Shaking up the Pinellas Democrats
August 27, 2008 at 3:56 pm by Wayne GarciaQuietly, behind the scenes in yesterday’s elections, there was a coup among Pinellas Democrats. The victim was party chairwoman, Toni Molinaro, who was generally credited with increasing the local party’s coffers and keeping infighting to a minimum.
Molinaro was defeated in an election in her south St. Petersburg neighborhood for precinct committeewoman by Blanche L. Ganey (described in news accounts as a church administrator and Obama supporter), by a vote of 88-40. In order to remain as chairwoman at the party’s December reorganizational meeting, Molinaro had to be an elected precinct committeewoman.
At least partially behind the back-door ouster of Molinaro was the man she replaced in 2006, former St. Pete mayoral candidate Ed Helm.
“I’m looking for new leadership,” Helm told me this afternoon.
The Pinellas Democratic Executive Committee for years has been among the most contentious and controversial in of the DEC’s in the state, with wild swings from faction. Helm’s five-month term was among the wildest, with accusations that his wife’s PAC violated elections laws and his own actions in endorsing some Democrats over others drawing the attention and censure of the state party, which withheld money from the Pinellas organization.
When she beat him out for the job, Molinaro told the St. Petersburg Times, “He alienates people, and he alienates good people.”

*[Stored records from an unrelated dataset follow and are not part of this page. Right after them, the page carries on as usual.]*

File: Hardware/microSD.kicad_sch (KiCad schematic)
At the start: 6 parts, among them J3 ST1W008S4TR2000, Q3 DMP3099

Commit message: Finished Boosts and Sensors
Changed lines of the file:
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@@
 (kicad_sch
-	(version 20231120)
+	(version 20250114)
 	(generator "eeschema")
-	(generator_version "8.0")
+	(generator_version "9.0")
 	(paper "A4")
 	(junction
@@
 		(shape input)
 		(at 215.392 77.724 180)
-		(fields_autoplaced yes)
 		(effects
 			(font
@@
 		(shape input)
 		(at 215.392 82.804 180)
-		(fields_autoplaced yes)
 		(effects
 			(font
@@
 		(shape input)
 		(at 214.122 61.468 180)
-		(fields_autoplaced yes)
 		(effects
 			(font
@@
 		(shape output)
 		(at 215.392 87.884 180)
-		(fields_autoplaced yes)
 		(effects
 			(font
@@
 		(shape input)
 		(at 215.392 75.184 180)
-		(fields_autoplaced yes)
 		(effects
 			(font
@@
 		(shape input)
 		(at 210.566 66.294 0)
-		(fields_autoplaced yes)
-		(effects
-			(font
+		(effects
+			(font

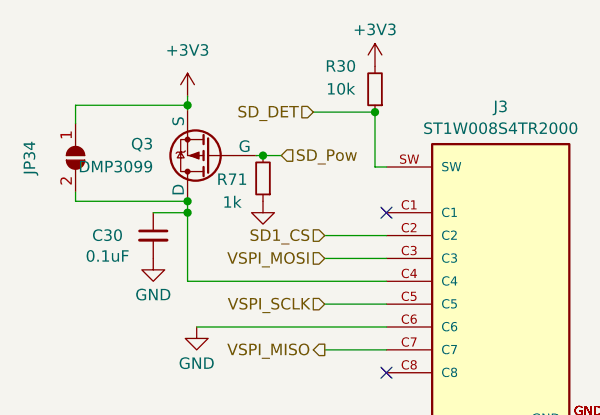
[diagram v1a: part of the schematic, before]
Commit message: Updated SD card, GPIOs, CAN, Power section
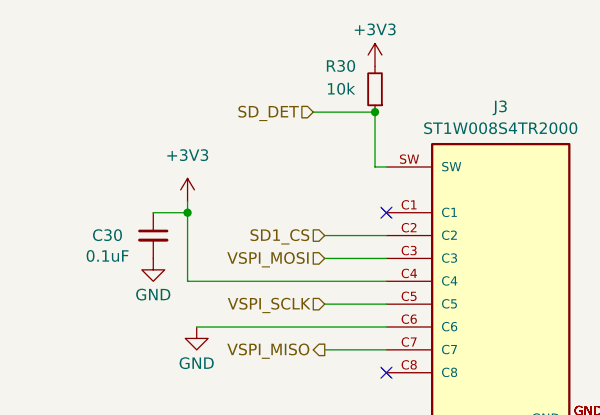
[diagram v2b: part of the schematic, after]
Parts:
- removed JP34: SolderJumper_2_Open, iclr:SmallerSolderJP, symbol Jumper:SolderJumper_2_Open
- removed Q3: DMP3099, Package_TO_SOT_SMD:SOT-23, symbol Simulation_SPICE:PMOS
- removed R71: 1k, Resistor_SMD:R_0402_1005Metric, symbol Device:R_Small
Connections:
- net +3V3: now also C30.1, J3.C4

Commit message: Added actuators and I2C bus
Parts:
- added J16: Conn_01x07_Socket, Connector_Molex:Molex_Pico-Clasp_202396-0707_1x07-1MP_P1.00mm_Horizontal, symbol Connector:Conn_01x07_Socket
- added R13: 10k, Resistor_SMD:R_0402_1005Metric, symbol Device:R_Small
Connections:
- net +3V3: now also J16.7 (Pin_7), R13.1
- net GND: now also J16.4 (Pin_4)
- net VSPI_MISO: now also J16.6 (Pin_6)
- net VSPI_MOSI: now also J16.3 (Pin_3)
- net VSPI_SCLK: now also J16.5 (Pin_5)
- net SD_DET renamed SD1_DET
- new net SD2_CS: J16.2 (Pin_2)
- new net SD2_DET: J16.1 (Pin_1), R13.2

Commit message: schematic reformatting and bom consolidation
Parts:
- C1001: renamed from C30; value 0.1uF -> 100nF
- R1001: renamed from R13; value 10k -> 10kΩ
- R1002: renamed from R30; value 10k -> 10kΩ
- renumbered J16 to J1001, J3 to J1002
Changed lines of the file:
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@@
 		(on_board yes)
 		(dnp no)
-		(property "Reference" "#PWR075"
+		(property "Reference" "#PWR01007"
 			(at 220.98 60.198 0)
 			(effects
@@
 			(project "Ricardo-Stark"
 				(path "/7db990e4-92e1-4f99-b4d2-435bbec1ba83/cbb4aecb-b4d4-4eab-8e16-74accf8129be"
-					(reference "#PWR075")
+					(reference "#PWR01007")
 					(unit 1)
 				)
@@
 		(dnp no)
 		(fields_autoplaced yes)
-		(property "Reference" "R13"
+		(property "Reference" "R1001"
 			(at 131.826 67.5639 0)
 			(effects
@@
 			)
 		)
-		(property "Value" "10k"
+		(property "Value" "10kΩ"
 			(at 131.826 70.1039 0)
 			(effects
@@
 			(project "Ricardo-Stark"
 				(path "/7db990e4-92e1-4f99-b4d2-435bbec1ba83/cbb4aecb-b4d4-4eab-8e16-74accf8129be"
-					(reference "R13")
+					(reference "R1001")
 					(unit 1)
 				)
@@
 		(dnp no)
 		(fields_autoplaced yes)
-		(property "Reference" "J3"
+		(property "Reference" "J1002"
 			(at 234.95 60.8795 0)
 			(effects
@@
 			(project "Ricardo-Stark"
 				(path "/7db990e4-92e1-4f99-b4d2-435bbec1ba83/cbb4aecb-b4d4-4eab-8e16-74accf8129be"
-					(reference "J3")
+					(reference "J1002")
 					(unit 1)
 				)
@@
 		(on_board yes)
 		(dnp no)
-		(property "Reference" "#PWR030"
+		(property "Reference" "#PWR01006"
 			(at 201.168 91.694 0)
 			(effects
@@
 			(project "Ricardo-Stark"
 				(path "/7db990e4-92e1-4f99-b4d2-435bbec1ba83/cbb4aecb-b4d4-4eab-8e16-74accf8129be"
-					(reference "#PWR030")
+					(reference "#PWR01006")
 					(unit 1)
 				)
@@
 		(dnp no)
 		(fields_autoplaced yes)
-		(property "Reference" "#PWR095"
+		(property "Reference" "#PWR01005"
 			(at 200.152 75.184 0)
 			(effects
@@
 			(project "Ricardo-Stark"
 				(path "/7db990e4-92e1-4f99-b4d2-435bbec1ba83/cbb4aecb-b4d4-4eab-8e16-74accf8129be"
-					(reference "#PWR095")
+					(reference "#PWR01005")
 					(unit 1)
 				)
@@
 		(on_board yes)
 		(dnp no)
-		(property "Reference" "#PWR092"
+		(property "Reference" "#PWR01002"
 			(at 125.476 95.504 0)
 			(effects
@@
 			(project "Ricardo-Stark"
 				(path "/7db990e4-92e1-4f99-b4d2-435bbec1ba83/cbb4aecb-b4d4-4eab-8e16-74accf8129be"
-					(reference "#PWR092")
+					(reference "#PWR01002")
 					(unit 1)
 				)
@@
 		(on_board yes)
 		(dnp no)
-		(property "Reference" "R30"
+		(property "Reference" "R1002"
 			(at 217.17 56.388 0)
 			(effects
@@
 			)
 		)
-		(property "Value" "10k"
+		(property "Value" "10kΩ"
 			(at 217.17 58.928 0)
 			(effects
@@
 			(project "Ricardo-Stark"
 				(path "/7db990e4-92e1-4f99-b4d2-435bbec1ba83/cbb4aecb-b4d4-4eab-8e16-74accf8129be"
-					(reference "R30")
+					(reference "R1002")
 					(unit 1)
 				)
@@
 		(dnp no)
 		(fields_autoplaced yes)
-		(property "Reference" "J16"
+		(property "Reference" "J1001"
 			(at 139.446 78.9939 0)
 			(effects
@@
 			(project "Ricardo-Stark"
 				(path "/7db990e4-92e1-4f99-b4d2-435bbec1ba83/cbb4aecb-b4d4-4eab-8e16-74accf8129be"
-					(reference "J16")
+					(reference "J1001")
 					(unit 1)
 				)
@@
 		(on_board yes)
 		(dnp no)
-		(property "Reference" "#PWR094"
+		(property "Reference" "#PWR01004"
 			(at 196.342 84.074 0)
 			(effects
@@
 			(project "Ricardo-Stark"
 				(path "/7db990e4-92e1-4f99-b4d2-435bbec1ba83/cbb4aecb-b4d4-4eab-8e16-74accf8129be"
-					(reference "#PWR094")
+					(reference "#PWR01004")
 					(unit 1)
 				)
@@
 		(dnp no)
 		(fields_autoplaced yes)
-		(property "Reference" "#PWR031"
+		(property "Reference" "#PWR01001"
 			(at 112.776 89.154 0)
 			(effects
@@
 			(project "Ricardo-Stark"
 				(path "/7db990e4-92e1-4f99-b4d2-435bbec1ba83/cbb4aecb-b4d4-4eab-8e16-74accf8129be"
-					(reference "#PWR031")
+					(reference "#PWR01001")
 					(unit 1)
 				)
@@
 		(dnp no)
 		(fields_autoplaced yes)
-		(property "Reference" "#PWR096"
+		(property "Reference" "#PWR01003"
 			(at 129.286 70.104 0)
 			(effects
@@
 			(project "Ricardo-Stark"
 				(path "/7db990e4-92e1-4f99-b4d2-435bbec1ba83/cbb4aecb-b4d4-4eab-8e16-74accf8129be"
-					(reference "#PWR096")
+					(reference "#PWR01003")
 					(unit 1)
 				)
@@
 		(on_board yes)
 		(dnp no)
-		(property "Reference" "C30"
+		(property "Reference" "C1001"
 			(at 191.262 75.184 0)
 			(effects
@@
 			)
 		)
-		(property "Value" "0.1uF"
+		(property "Value" "100nF"
 			(at 191.262 77.4954 0)
 			(effects
@@
 			(project "Ricardo-Stark"
 				(path "/7db990e4-92e1-4f99-b4d2-435bbec1ba83/cbb4aecb-b4d4-4eab-8e16-74accf8129be"
-					(reference "C30")
+					(reference "C1001")
 					(unit 1)
 				)
@@
 		(dnp no)
 		(fields_autoplaced yes)
-		(property "Reference" "#PWR0157"
+		(property "Reference" "#PWR01008"
 			(at 250.19 104.394 0)
 			(effects
@@
 			(project "Ricardo-Stark"
 				(path "/7db990e4-92e1-4f99-b4d2-435bbec1ba83/cbb4aecb-b4d4-4eab-8e16-74accf8129be"
-					(reference "#PWR0157")
-					(unit 1)
-				)
+					(reference "#PWR01008")
+					(unit 1)
+				)

Looks like payback is a bitch.
Helm and his band of stalwart progressives used a little known state law that sees local political parties disbanded and reorganized every presidential election year. Only those people who signed notarized oaths during a weeklong window in June of this year could run for precinct positions that would give them a vote during the December reorganizational meeting. Not that Helm can take all the credit; the Barack Obama campaign has also been working hard to fill those precinct committeemen and committeewomen slots as part of its election strategy. The campaign had sent out at least two e-mails to local supporter alerting them to the signup procedure.
Nothing in the Obama effort, however, seemed to target Molinaro.
Helm said his dissatisfaction with Molinaro is because she didn’t recruit a full slate of Democratic challengers for the offices that were on this year’s ballot and because of a drop in precinct leaders in the party, from 350 during his term to less than 200 today. “We still aren’t doing what a good party does; recruiting good candidates and running those candidates,” Helm said.
I have not been able to reach Molinaro for comment. I’ll post it here when I do.
Democrats who work behind the scenes bemoaned the ouster.
“I’ve never seen anybody work so hard and get so much done and accomplish so much,” consultant Mitch Kates said. “If that is truly what happened, then it shows how their personal agendas are ahead of the party. That’s somebody’s personal agenda, and it’s sad.”
That leaves the Pinellas Democrats again on the verge of factionalism, just as their greatest chance for a Democratic president in eight years comes barreling toward them.